# HO pre-war vehicles



## raleets (Jan 2, 2011)

Any idea of good sources for pre-war vehicles in HO guage OTHER THAN Jordan kits?
I'm looking for some ready-made that don't cost an arm + leg.
If anyone has some for sale, please let me know.
Thanks,
Bob


----------



## Big Ed (Jun 16, 2009)

raleets said:


> Any idea of good sources for pre-war vehicles in HO guage OTHER THAN Jordan kits?
> I'm looking for some ready-made that don't cost an arm + leg.
> If anyone has some for sale, please let me know.
> Thanks,
> Bob



Are you talking original prewar Cars and Trucks in HO?

Or new reproductions? 

You don't like Jordan?


----------



## raleets (Jan 2, 2011)

Big Ed,
Yes, I need a few 20's & 30's vehicles for my layout.

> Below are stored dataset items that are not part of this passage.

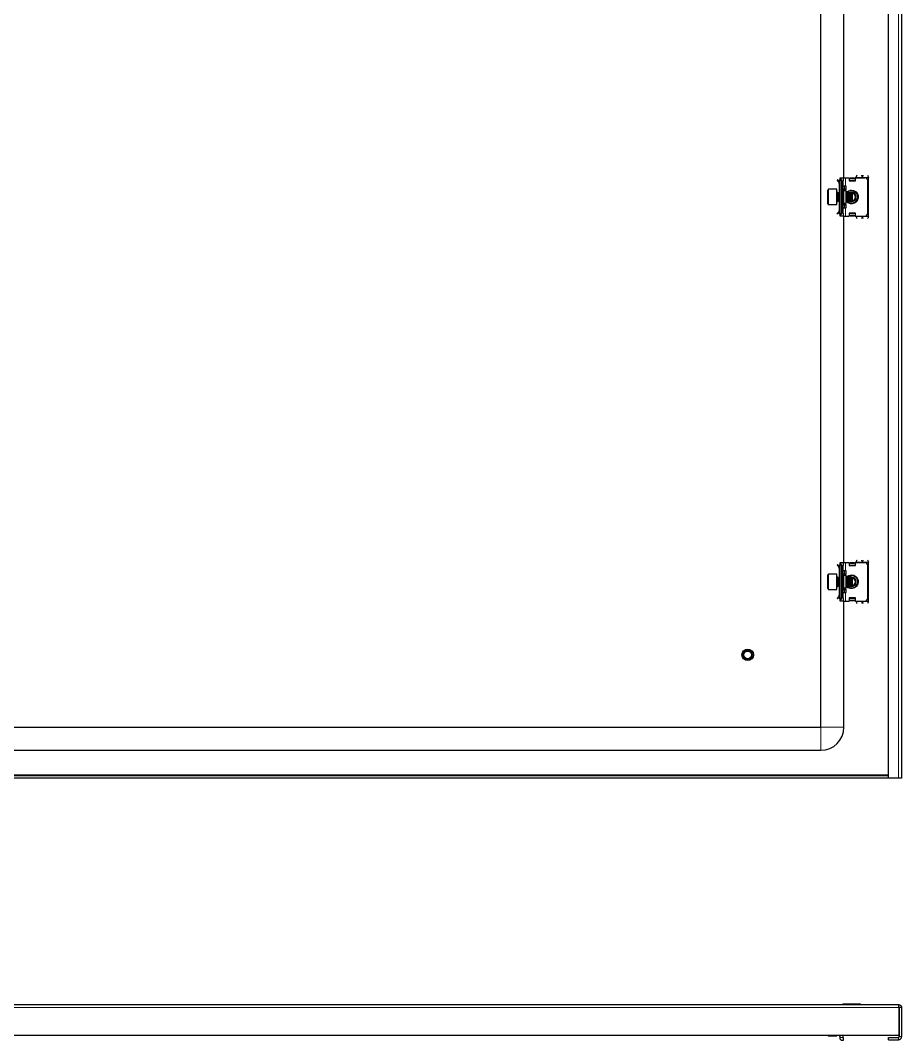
# Model space of a CAD drawing. Header units: millimetres. Extents: x -852 to 2205, y -435 to 1070.
# Drawn here: x 1632 to 2205, y -435 to 228 of the extents above; entities that cross this region are included whole.
import ezdxf

# ---------------------------------------------------------------- set-up
doc = ezdxf.new("R2010")
doc.units = ezdxf.units.MM

msp = doc.modelspace()

# ---------------------------------------------------------------- linework, layer by layer
at = {"color": 7, "linetype": 'Continuous', "lineweight": 25}
for p, q in [((2196.54, -264.66), (2196.54, 890.34)), ((2205.04, 890.34), (2205.04, -264.66)), ((2152.54, -231.66), (2152.54, 857.34)), ((2167.54, 125.34), (2167.54, 500.34)), ((2163.48, 123.98), (2163.12, 123.62)), ((2164.1, 122.65), (2163.12, 123.62)), ((2164.45, 123), (2163.48, 123.98)), ((2164.1, 122.65), (2164.45, 123)), ((2164.54, 123.34), (2164.54, 122.94)), ((2164.54, 121.59), (2165.04, 121.59)), ((2164.54, 121.59), (2164.54, 118.09)), ((2164.83, 124.05), (2165.04, 124.25)), ((2165.04, 125.34), (2167.04, 125.34)), ((2165.04, 125.07), (2165.04, 125.34)), ((2165.04, 100.61), (2165.04, 125.07)), ((2166.04, 123.34), (2166.04, 102.34)), ((2167.04, 125.34), (2167.04, 123.34)), ((2167.04, 125.34), (2168.54, 125.34)), ((2167.04, 102.34), (2167.04, 123.34)), ((2168.54, 119.84), (2167.04, 119.84)), ((2168.54, 125.34), (2171.04, 125.34)), ((2169.04, 119.84), (2168.54, 119.84)), ((2169.04, 117.84), (2169.04, 119.84)), ((2171.04, 125.34), (2171.04, 123.34)), ((2171.04, 123.34), (2175.04, 123.34)), ((2171.29, 124.96), (2171.79, 125.31)), ((2171.79, 124.96), (2171.29, 124.61)), ((2171.29, 124.61), (2171.29, 124.96)), ((2171.29, 123.69), (2171.29, 124.61)), ((2171.29, 123.34), (2171.29, 123.69)), ((2171.79, 125.31), (2171.79, 124.96)), ((2171.79, 125.31), (2174.29, 125.31)), ((2171.79, 124.96), (2174.29, 124.96)), ((2174.29, 124.96), (2174.29, 125.31)), ((2174.29, 125.31), (2174.79, 124.96)), ((2174.79, 124.61), (2174.29, 124.96)), ((2174.79, 124.96), (2174.79, 124.61)), ((2174.79, 124.61), (2174.79, 123.69)), ((2174.79, 123.69), (2174.79, 123.34)), ((2174.84, 125.22), (2174.84, 123.34)), ((2175.04, 125.22), (2174.84, 125.22)), ((2175.04, 123.34), (2175.04, 125.34)), ((2175.04, 125.34), (2181.04, 125.34)), ((2175.54, 125.34), (2175.54, 125.59)), ((2183.04, 102.34), (2183.04, 123.34)), ((2183.54, 100.09), (2183.54, 125.59)), ((2157.04, 108.44), (2157.04, 117.24)), ((2163.04, 117.84), (2157.64, 117.84)), ((2163.04, 107.84), (2163.04, 117.84)), ((2163.65, 115.84), (2163.29, 115.84)), ((2164.04, 115.28), (2163.65, 115.84)), ((2163.65, 113.98), (2163.65, 115.84)), ((2163.65, 109.84), (2163.65, 113.98)), ((2164.42, 115.84), (2164.04, 115.28)), ((2164.04, 113.77), (2164.04, 115.28)), ((2164.04, 110.39), (2164.04, 113.77)), ((2164.65, 115.84), (2164.42, 115.84)), ((2164.42, 113.98), (2164.42, 115.84)), ((2164.42, 109.84), (2164.42, 113.98)), ((2165.04, 118.09), (2164.54, 118.09)), ((2164.54, 118.09), (2164.54, 115.84)), ((2165.04, 115.28), (2164.65, 115.84)), ((2164.65, 113.98), (2164.65, 115.84)), ((2164.65, 109.84), (2164.65, 113.98)), ((2167.36, 116.87), (2169.04, 117.84)), ((2167.54, 116.97), (2167.54, 118.09)), ((2167.54, 118.09), (2168.04, 118.09)), ((2169.04, 116.84), (2167.54, 116.84)), ((2168.04, 118.09), (2169.04, 118.09)), ((2169.04, 108.84), (2169.04, 116.84)), ((2169.42, 115.84), (2169.04, 115.28)), ((2169.65, 115.84), (2169.42, 115.84)), ((2169.42, 113.98), (2169.42, 115.84)), ((2169.42, 109.84), (2169.42, 113.98)), ((2170.04, 115.28), (2169.65, 115.84)), ((2169.65, 113.98), (2169.65, 115.84)), ((2169.65, 109.84), (2169.65, 113.98)), ((2170.42, 115.84), (2170.04, 115.28)), ((2170.04, 113.77), (2170.04, 115.28)), ((2170.04, 110.39), (2170.04, 113.77)), ((2170.65, 115.84), (2170.42, 115.84)), ((2170.42, 113.98), (2170.42, 115.84)), ((2170.42, 109.84), (2170.42, 113.98)), ((2171.04, 115.28), (2170.65, 115.84)), ((2170.65, 113.98), (2170.65, 115.84)), ((2170.65, 109.84), (2170.65, 113.98)), ((2170.96, 115.39), (2171.21, 115.53)), ((2171.42, 115.84), (2171.04, 115.28)), ((2171.04, 113.77), (2171.04, 115.28)), ((2171.04, 110.39), (2171.04, 113.77)), ((2171.65, 115.84), (2171.42, 115.84)), ((2171.42, 113.98), (2171.42, 115.84)), ((2171.42, 109.84), (2171.42, 113.98)), ((2172.04, 115.28), (2171.65, 115.84)), ((2171.65, 113.98), (2171.65, 115.84)), ((2171.65, 109.84), (2171.65, 113.98)), ((2172.25, 115.58), (2171.87, 115.52)), ((2172.42, 115.84), (2172.04, 115.28)), ((2172.04, 113.77), (2172.04, 115.28)), ((2172.04, 110.39), (2172.04, 113.77)), ((2172.48, 115.84), (2172.42, 115.84)), ((2172.42, 113.98), (2172.42, 115.84)), ((2172.42, 109.84), (2172.42, 113.98)), ((2173.04, 115.28), (2172.48, 115.84)), ((2172.48, 109.84), (2172.48, 115.84)), ((2173.56, 115.4), (2172.73, 115.59)), ((2173.04, 110.39), (2173.04, 115.28)), ((2157.64, 107.84), (2163.04, 107.84)), ((2163.29, 109.84), (2163.65, 109.84)), ((2163.65, 109.84), (2164.04, 110.39)), ((2164.04, 110.39), (2164.42, 109.84)), ((2164.42, 109.84), (2164.65, 109.84)), ((2164.54, 109.84), (2164.54, 107.59)), ((2164.54, 107.59), (2164.54, 104.09)), ((2164.54, 107.59), (2165.04, 107.59)), ((2164.65, 109.84), (2165.04, 110.39)), ((2169.04, 107.84), (2167.36, 108.81)), ((2167.54, 108.84), (2169.04, 108.84)), ((2167.54, 107.59), (2167.54, 108.7)), ((2168.04, 107.59), (2167.54, 107.59)), ((2169.04, 107.59), (2168.04, 107.59)), ((2169.04, 110.39), (2169.42, 109.84)), ((2169.04, 105.84), (2169.04, 107.84)), ((2169.42, 109.84), (2169.65, 109.84)), ((2169.65, 109.84), (2170.04, 110.39)), ((2170.04, 110.39), (2170.42, 109.84)), ((2170.42, 109.84), (2170.65, 109.84)), ((2170.65, 109.84), (2171.04, 110.39)), ((2171.21, 110.15), (2170.96, 110.29)), ((2171.04, 110.39), (2171.42, 109.84)), ((2171.42, 109.84), (2171.65, 109.84)), ((2171.65, 109.84), (2172.04, 110.39)), ((2172.04, 110.39), (2172.42, 109.84)), ((2172.42, 109.84), (2172.48, 109.84)), ((2172.48, 109.84), (2173.04, 110.39)), ((2164.1, 103.03), (2163.12, 102.05)), ((2163.48, 101.7), (2163.12, 102.05)), ((2164.45, 102.67), (2163.48, 101.7)), ((2164.1, 103.03), (2164.45, 102.67)), ((2164.54, 104.09), (2165.04, 104.09)), ((2164.54, 102.34), (2164.54, 102.8)), ((2165.04, 101.42), (2164.83, 101.63)), ((2165.04, 100.34), (2165.04, 100.61)), ((2167.04, 100.34), (2165.04, 100.34)), ((2167.04, 105.84), (2168.54, 105.84)), ((2167.04, 102.34), (2167.04, 100.34)), ((2167.04, 100.34), (2168.54, 100.34)), ((2167.54, -124.66), (2167.54, 100.34)), ((2168.54, 105.84), (2169.04, 105.84)), ((2168.54, 100.34), (2171.04, 100.34)), ((2171.04, 102.34), (2171.04, 100.34)), ((2175.04, 102.34), (2171.04, 102.34)), ((2171.29, 101.99), (2171.29, 102.34)), ((2171.29, 101.07), (2171.29, 101.99)), ((2171.29, 101.07), (2171.79, 100.72)), ((2171.29, 100.72), (2171.29, 101.07)), ((2171.79, 100.36), (2171.29, 100.72)), ((2174.29, 100.72), (2171.79, 100.72)), ((2171.79, 100.72), (2171.79, 100.36)), ((2174.29, 100.36), (2171.79, 100.36)), ((2174.29, 100.72), (2174.79, 101.07)), ((2174.29, 100.36), (2174.29, 100.72)), ((2174.79, 100.72), (2174.29, 100.36)), ((2174.79, 102.34), (2174.79, 101.99)), ((2174.79, 101.99), (2174.79, 101.07)), ((2174.79, 101.07), (2174.79, 100.72)), ((2174.84, 102.34), (2174.84, 100.46)), ((2174.84, 100.46), (2175.04, 100.46)), ((2175.04, 100.34), (2175.04, 102.34)), ((2175.04, 100.34), (2181.04, 100.34)), ((2175.54, 100.09), (2175.54, 100.34)), ((2164.83, -125.95), (2165.04, -125.75)), ((2165.04, -124.66), (2167.04, -124.66)), ((2165.04, -124.93), (2165.04, -124.66)), ((2165.04, -149.39), (2165.04, -124.93)), ((2167.04, -124.66), (2167.04, -126.66)), ((2167.04, -124.66), (2168.54, -124.66)), ((2168.54, -124.66), (2171.04, -124.66)), ((2171.04, -124.66), (2171.04, -126.66)), ((2171.29, -125.04), (2171.79, -124.69)), ((2171.79, -125.04), (2171.29, -125.39)), ((2171.29, -125.39), (2171.29, -125.04)), ((2171.29, -126.31), (2171.29, -125.39)), ((2171.79, -124.69), (2171.79, -125.04)), ((2171.79, -124.69), (2174.29, -124.69)), ((2171.79, -125.04), (2174.29, -125.04)), ((2174.29, -125.04), (2174.29, -124.69)), ((2174.29, -124.69), (2174.79, -125.04)), ((2174.79, -125.39), (2174.29, -125.04)), ((2174.79, -125.04), (2174.79, -125.39)), ((2174.79, -125.39), (2174.79, -126.31)), ((2174.84, -124.78), (2174.84, -126.66)), ((2175.04, -124.78), (2174.84, -124.78)), ((2175.04, -126.66), (2175.04, -124.66)), ((2175.04, -124.66), (2181.04, -124.66)), ((2175.54, -124.66), (2175.54, -124.41)), ((2183.54, -149.91), (2183.54, -124.41)), ((2163.04, -132.16), (2157.64, -132.16)), ((2163.04, -142.16), (2163.04, -132.16)), ((2163.48, -126.02), (2163.12, -126.38)), ((2164.1, -127.35), (2163.12, -126.38)), ((2164.45, -127), (2163.48, -126.02)), ((2164.1, -127.35), (2164.45, -127)), ((2164.54, -126.66), (2164.54, -127.06)), ((2164.54, -128.41), (2165.04, -128.41)), ((2164.54, -128.41), (2164.54, -131.91)), ((2165.04, -131.91), (2164.54, -131.91)), ((2164.54, -131.91), (2164.54, -134.16)), ((2166.04, -126.66), (2166.04, -147.66)), ((2167.04, -147.66), (2167.04, -126.66)), ((2168.54, -130.16), (2167.04, -130.16)), ((2167.36, -133.13), (2169.04, -132.16)), ((2167.54, -133.03), (2167.54, -131.91)), ((2167.54, -131.91), (2168.04, -131.91)), ((2168.04, -131.91), (2169.04, -131.91)), ((2169.04, -130.16), (2168.54, -130.16)), ((2169.04, -132.16), (2169.04, -130.16)), ((2171.04, -126.66), (2175.04, -126.66)), ((2171.29, -126.66), (2171.29, -126.31)), ((2174.79, -126.31), (2174.79, -126.66)), ((2183.04, -147.66), (2183.04, -126.66)), ((2157.04, -141.56), (2157.04, -132.76)), ((2163.65, -134.16), (2163.29, -134.16)), ((2164.04, -134.72), (2163.65, -134.16)), ((2163.65, -136.02), (2163.65, -134.16)), ((2163.65, -140.16), (2163.65, -136.02)), ((2164.42, -134.16), (2164.04, -134.72)), ((2164.04, -136.23), (2164.04, -134.72)), ((2164.04, -139.61), (2164.04, -136.23)), ((2164.65, -134.16), (2164.42, -134.16)), ((2164.42, -136.02), (2164.42, -134.16)), ((2164.42, -140.16), (2164.42, -136.02)), ((2165.04, -134.72), (2164.65, -134.16)), ((2164.65, -136.02), (2164.65, -134.16)), ((2164.65, -140.16), (2164.65, -136.02)), ((2169.04, -133.16), (2167.54, -133.16)), ((2169.04, -141.16), (2169.04, -133.16)), ((2169.42, -134.16), (2169.04, -134.72)), ((2169.65, -134.16), (2169.42, -134.16)), ((2169.42, -136.02), (2169.42, -134.16)), ((2169.42, -140.16), (2169.42, -136.02)), ((2170.04, -134.72), (2169.65, -134.16)), ((2169.65, -136.02), (2169.65, -134.16)), ((2169.65, -140.16), (2169.65, -136.02)), ((2170.42, -134.16), (2170.04, -134.72)), ((2170.04, -136.23), (2170.04, -134.72)), ((2170.04, -139.61), (2170.04, -136.23)), ((2170.65, -134.16), (2170.42, -134.16)), ((2170.42, -136.02), (2170.42, -134.16)), ((2170.42, -140.16), (2170.42, -136.02)), ((2171.04, -134.72), (2170.65, -134.16)), ((2170.65, -136.02), (2170.65, -134.16)), ((2170.65, -140.16), (2170.65, -136.02)), ((2170.96, -134.61), (2171.21, -134.47)), ((2171.42, -134.16), (2171.04, -134.72)), ((2171.04, -136.23), (2171.04, -134.72)), ((2171.04, -139.61), (2171.04, -136.23)), ((2171.65, -134.16), (2171.42, -134.16)), ((2171.42, -136.02), (2171.42, -134.16)), ((2171.42, -140.16), (2171.42, -136.02)), ((2172.04, -134.72), (2171.65, -134.16)), ((2171.65, -136.02), (2171.65, -134.16)), ((2171.65, -140.16), (2171.65, -136.02)), ((2172.25, -134.42), (2171.87, -134.48)), ((2172.42, -134.16), (2172.04, -134.72)), ((2172.04, -136.23), (2172.04, -134.72)), ((2172.04, -139.61), (2172.04, -136.23)), ((2172.48, -134.16), (2172.42, -134.16)), ((2172.42, -136.02), (2172.42, -134.16)), ((2172.42, -140.16), (2172.42, -136.02)), ((2173.04, -134.72), (2172.48, -134.16)), ((2172.48, -140.16), (2172.48, -134.16)), ((2173.56, -134.6), (2172.73, -134.41)), ((2173.04, -139.61), (2173.04, -134.72)), ((2157.64, -142.16), (2163.04, -142.16)), ((2163.29, -140.16), (2163.65, -140.16)), ((2163.65, -140.16), (2164.04, -139.61)), ((2164.04, -139.61), (2164.42, -140.16)), ((2164.42, -140.16), (2164.65, -140.16)), ((2164.54, -140.16), (2164.54, -142.41)), ((2164.54, -142.41), (2164.54, -145.91)), ((2164.54, -142.41), (2165.04, -142.41)), ((2164.65, -140.16), (2165.04, -139.61)), ((2167.04, -144.16), (2168.54, -144.16)), ((2169.04, -142.16), (2167.36, -141.19)), ((2167.54, -141.16), (2169.04, -141.16)), ((2167.54, -142.41), (2167.54, -141.3)), ((2168.04, -142.41), (2167.54, -142.41)), ((2169.04, -142.41), (2168.04, -142.41)), ((2168.54, -144.16), (2169.04, -144.16)), ((2169.04, -139.61), (2169.42, -140.16)), ((2169.04, -144.16), (2169.04, -142.16)), ((2169.42, -140.16), (2169.65, -140.16)), ((2169.65, -140.16), (2170.04, -139.61)), ((2170.04, -139.61), (2170.42, -140.16)), ((2170.42, -140.16), (2170.65, -140.16)), ((2170.65, -140.16), (2171.04, -139.61)), ((2171.21, -139.85), (2170.96, -139.71)), ((2171.04, -139.61), (2171.42, -140.16)), ((2171.42, -140.16), (2171.65, -140.16)), ((2171.65, -140.16), (2172.04, -139.61)), ((2172.04, -139.61), (2172.42, -140.16)), ((2172.42, -140.16), (2172.48, -140.16)), ((2172.48, -140.16), (2173.04, -139.61)), ((2164.1, -146.97), (2163.12, -147.95)), ((2163.48, -148.3), (2163.12, -147.95)), ((2164.45, -147.33), (2163.48, -148.3)), ((2164.1, -146.97), (2164.45, -147.33)), ((2164.54, -145.91), (2165.04, -145.91)), ((2164.54, -147.66), (2164.54, -147.2)), ((2165.04, -148.58), (2164.83, -148.37)), ((2165.04, -149.66), (2165.04, -149.39)), ((2167.04, -149.66), (2165.04, -149.66)), ((2167.04, -147.66), (2167.04, -149.66)), ((2167.04, -149.66), (2168.54, -149.66)), ((2167.54, -231.66), (2167.54, -149.66)), ((2168.54, -149.66), (2171.04, -149.66)), ((2175.04, -147.66), (2171.04, -147.66)), ((2171.04, -147.66), (2171.04, -149.66)), ((2171.29, -148.01), (2171.29, -147.66)), ((2171.29, -148.93), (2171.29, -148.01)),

It's not that I don't like Jordan, it's just that I'm feeling lazy and wanted to buy something already built.
I've spent HOURS searching the internet and have since ordered three Jordan kits since there just doesn't seem to be anything else out there.
The best prices I could find were from Hobbylinc.com, so in abouit a week or so I get to sniff glue again :laugh:


----------